Legal Battle Looms Over Scots Guards Jungle Massacre

News from UK:


Malaysian families claim Scots Guards soldiers murdered their relatives in a jungle massacre

(Sunday 7 November 2010) TAXPAYERS could be forced to shell out millions of pounds to Malaysian families who claim Scots Guards soldiers murdered their relatives in a jungle massacre more than 60 years ago.

Lawyers are preparing to launch legal action against the UK Government by the end of the month unless ministers agree to set up a public inquiry into the incident.

A new probe into the shooting of 24 unarmed men at a remote village called Batang Kali in 1948 would be hugely expensive and could trigger massive compensation payments.

The Army has always said the suspected insurgents were attempting to escape from custody, although this has been disputed by eyewitnesses and even some of the guardsmen themselves.

None of the villagers who survived Batang Kali are still alive, however, following the recent death of 78-year-old woman Tham Fong. But London-based law firm Bindmans is now acting on behalf of their children and other relatives.

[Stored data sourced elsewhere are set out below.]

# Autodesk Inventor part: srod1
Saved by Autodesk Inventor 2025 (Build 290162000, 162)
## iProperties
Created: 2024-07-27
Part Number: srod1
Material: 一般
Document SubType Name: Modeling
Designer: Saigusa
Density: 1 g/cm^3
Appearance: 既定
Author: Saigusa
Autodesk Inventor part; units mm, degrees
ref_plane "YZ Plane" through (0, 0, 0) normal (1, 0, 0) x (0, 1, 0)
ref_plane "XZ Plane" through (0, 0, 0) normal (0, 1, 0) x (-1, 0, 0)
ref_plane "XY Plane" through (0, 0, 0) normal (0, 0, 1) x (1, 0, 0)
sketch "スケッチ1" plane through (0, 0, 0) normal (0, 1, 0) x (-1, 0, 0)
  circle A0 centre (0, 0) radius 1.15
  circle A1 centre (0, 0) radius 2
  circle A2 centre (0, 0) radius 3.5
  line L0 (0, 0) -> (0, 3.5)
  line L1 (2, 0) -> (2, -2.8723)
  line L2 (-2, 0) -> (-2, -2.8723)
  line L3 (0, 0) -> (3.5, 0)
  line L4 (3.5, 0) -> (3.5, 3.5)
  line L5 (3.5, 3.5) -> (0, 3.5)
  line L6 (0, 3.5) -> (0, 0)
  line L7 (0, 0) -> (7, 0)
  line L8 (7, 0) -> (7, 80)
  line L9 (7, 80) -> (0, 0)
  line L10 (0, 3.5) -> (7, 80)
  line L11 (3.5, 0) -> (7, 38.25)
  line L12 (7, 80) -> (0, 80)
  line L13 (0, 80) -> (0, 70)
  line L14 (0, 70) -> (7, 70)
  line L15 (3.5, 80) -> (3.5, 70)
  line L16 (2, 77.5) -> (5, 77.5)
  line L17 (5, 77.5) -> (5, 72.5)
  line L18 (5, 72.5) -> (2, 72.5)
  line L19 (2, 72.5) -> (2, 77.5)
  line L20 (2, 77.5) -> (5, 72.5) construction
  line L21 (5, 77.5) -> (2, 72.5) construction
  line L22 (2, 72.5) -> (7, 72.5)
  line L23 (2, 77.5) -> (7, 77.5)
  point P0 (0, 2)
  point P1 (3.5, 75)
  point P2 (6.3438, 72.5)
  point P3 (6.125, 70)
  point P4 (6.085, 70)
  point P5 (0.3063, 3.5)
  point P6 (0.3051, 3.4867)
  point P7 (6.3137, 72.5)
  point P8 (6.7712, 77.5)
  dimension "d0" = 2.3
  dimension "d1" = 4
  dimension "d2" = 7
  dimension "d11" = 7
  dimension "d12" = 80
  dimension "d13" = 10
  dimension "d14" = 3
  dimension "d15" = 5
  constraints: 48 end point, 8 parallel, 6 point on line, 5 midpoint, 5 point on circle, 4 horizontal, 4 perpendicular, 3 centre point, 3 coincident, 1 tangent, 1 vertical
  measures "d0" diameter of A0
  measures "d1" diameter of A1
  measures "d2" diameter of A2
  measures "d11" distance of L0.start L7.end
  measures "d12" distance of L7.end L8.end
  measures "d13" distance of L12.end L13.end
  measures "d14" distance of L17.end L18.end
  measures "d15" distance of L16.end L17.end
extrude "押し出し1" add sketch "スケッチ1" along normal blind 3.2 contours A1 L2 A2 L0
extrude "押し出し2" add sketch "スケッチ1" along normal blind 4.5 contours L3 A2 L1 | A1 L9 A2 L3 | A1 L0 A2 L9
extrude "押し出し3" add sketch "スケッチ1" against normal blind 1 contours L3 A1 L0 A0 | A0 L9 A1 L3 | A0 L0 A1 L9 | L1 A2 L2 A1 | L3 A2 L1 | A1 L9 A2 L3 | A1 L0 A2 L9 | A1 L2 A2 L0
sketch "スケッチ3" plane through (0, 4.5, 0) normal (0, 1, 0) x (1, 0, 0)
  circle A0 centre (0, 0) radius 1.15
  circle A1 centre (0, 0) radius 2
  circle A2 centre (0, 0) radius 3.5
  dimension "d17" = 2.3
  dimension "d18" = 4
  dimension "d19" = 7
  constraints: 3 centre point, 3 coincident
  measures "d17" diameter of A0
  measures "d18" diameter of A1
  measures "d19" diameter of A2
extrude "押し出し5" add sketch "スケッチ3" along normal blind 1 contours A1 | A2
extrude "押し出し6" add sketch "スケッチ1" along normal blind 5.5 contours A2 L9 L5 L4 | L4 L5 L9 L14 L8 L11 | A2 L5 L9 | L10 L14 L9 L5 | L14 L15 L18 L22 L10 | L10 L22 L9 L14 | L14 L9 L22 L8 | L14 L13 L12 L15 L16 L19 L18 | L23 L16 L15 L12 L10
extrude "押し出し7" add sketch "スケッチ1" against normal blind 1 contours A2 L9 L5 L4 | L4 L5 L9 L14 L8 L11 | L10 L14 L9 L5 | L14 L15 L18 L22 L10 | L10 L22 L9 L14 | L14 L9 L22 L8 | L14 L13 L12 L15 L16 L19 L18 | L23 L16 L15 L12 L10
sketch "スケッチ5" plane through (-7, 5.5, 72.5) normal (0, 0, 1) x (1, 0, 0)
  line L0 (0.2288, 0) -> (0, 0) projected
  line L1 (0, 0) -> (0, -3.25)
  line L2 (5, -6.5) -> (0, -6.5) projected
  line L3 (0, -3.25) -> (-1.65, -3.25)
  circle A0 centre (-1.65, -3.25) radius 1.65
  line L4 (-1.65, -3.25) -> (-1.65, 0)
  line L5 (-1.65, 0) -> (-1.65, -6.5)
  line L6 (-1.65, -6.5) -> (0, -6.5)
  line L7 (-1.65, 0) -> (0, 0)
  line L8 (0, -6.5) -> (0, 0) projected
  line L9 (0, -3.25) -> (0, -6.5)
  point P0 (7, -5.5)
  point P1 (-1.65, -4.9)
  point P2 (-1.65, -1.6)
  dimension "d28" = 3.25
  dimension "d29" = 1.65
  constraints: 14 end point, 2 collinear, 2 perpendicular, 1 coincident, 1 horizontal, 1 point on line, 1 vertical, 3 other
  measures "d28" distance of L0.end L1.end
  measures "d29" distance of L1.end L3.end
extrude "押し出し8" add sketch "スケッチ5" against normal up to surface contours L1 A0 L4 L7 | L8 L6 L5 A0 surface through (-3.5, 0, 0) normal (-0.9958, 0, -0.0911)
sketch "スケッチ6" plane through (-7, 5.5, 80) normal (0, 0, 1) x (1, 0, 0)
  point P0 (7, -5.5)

Partner Stephen Grosz, a human rights expert, told the Sunday Express: “We have established there wasn’t any law that enabled these soldiers to shoot these people whatever they were doing. We want the Government to set up a public inquiry and make reparation.

“If they fail to do so, we will launch a Judicial Review of that decision in the High Court. We are not suggesting anybody should be prosecuted or that there should be a criminal investigation against the soldiers. The goal is to get closure for the families of the victims. The British Army should be setting standards of rectitude and propriety and if they have done something wrong that should be admitted. Normal international law states there is a duty to make reparation and that can take a number of forms, including compensation.”

He added: “They are looking for the truth, it is not at this moment primarily an exercise in compensation seeking.”

Campaigners in Malaysia are also calling for an official apology from Prime Minister David Cameron, similar to the one he offered following the Bloody Sunday Inquiry. At the time, the news that so many “bandits” had been gunned down was greeted with jubilant newspaper headlines in Malaya and in Britain. An investigation by Scotland Yard found no evidence of wrongdoing.

But, in 1970, five of the soldiers came forward to admit they had shot the men in cold blood on the orders of their patrol leader, a 22-year-old sergeant. Despite a national outcry, the Government of the day refused to open a public inquiry and the issue was eventually dropped.

Yesterday, Mr Grosz said his team had been given access to top secret documents suggesting the orders actually came from higher up the chain of command. He said: “Certainly there appears to have been a briefing given to the two sergeants who led the patrol from a commanding officer before they went out. There is a dispute about what the content of that briefing was but the evidence suggests that they were carrying out instructions.”

Furthermore, said Mr Grosz, even if the official version of events was correct, there was no legal basis for the soldiers’ actions as the “shout before you shoot” regulations were not passed until the following month. “The extent to which the authorities tried to legalise it retrospectively we found absolutely shocking,” he said.

Mr Grosz added that his team had spoken to some of the surviving guardsmen, now in their 80s, but none wanted to give a new statement. Last night, Tory backbench MP Patrick Mercer said: “A Scotland Yard inquiry was held and that exonerated the Scots Guardsmen. If there are no witnesses alive on the Malaysian side then I think the appellants are going to have a difficult time proving their case. That doesn’t mean there is no case to answer but I do wonder about the slightly grubby aspect of compensation being sought by individuals who were not there.”

Lieutenant Colonel Tex Pemberton, chairman of the National Malaya and Borneo Association, said: “I would be surprised if the investigation at the time was not carried out properly.”

The Foreign Office and the MoD both said they were planning to respond to the calls for a public inquiry by the end of the month.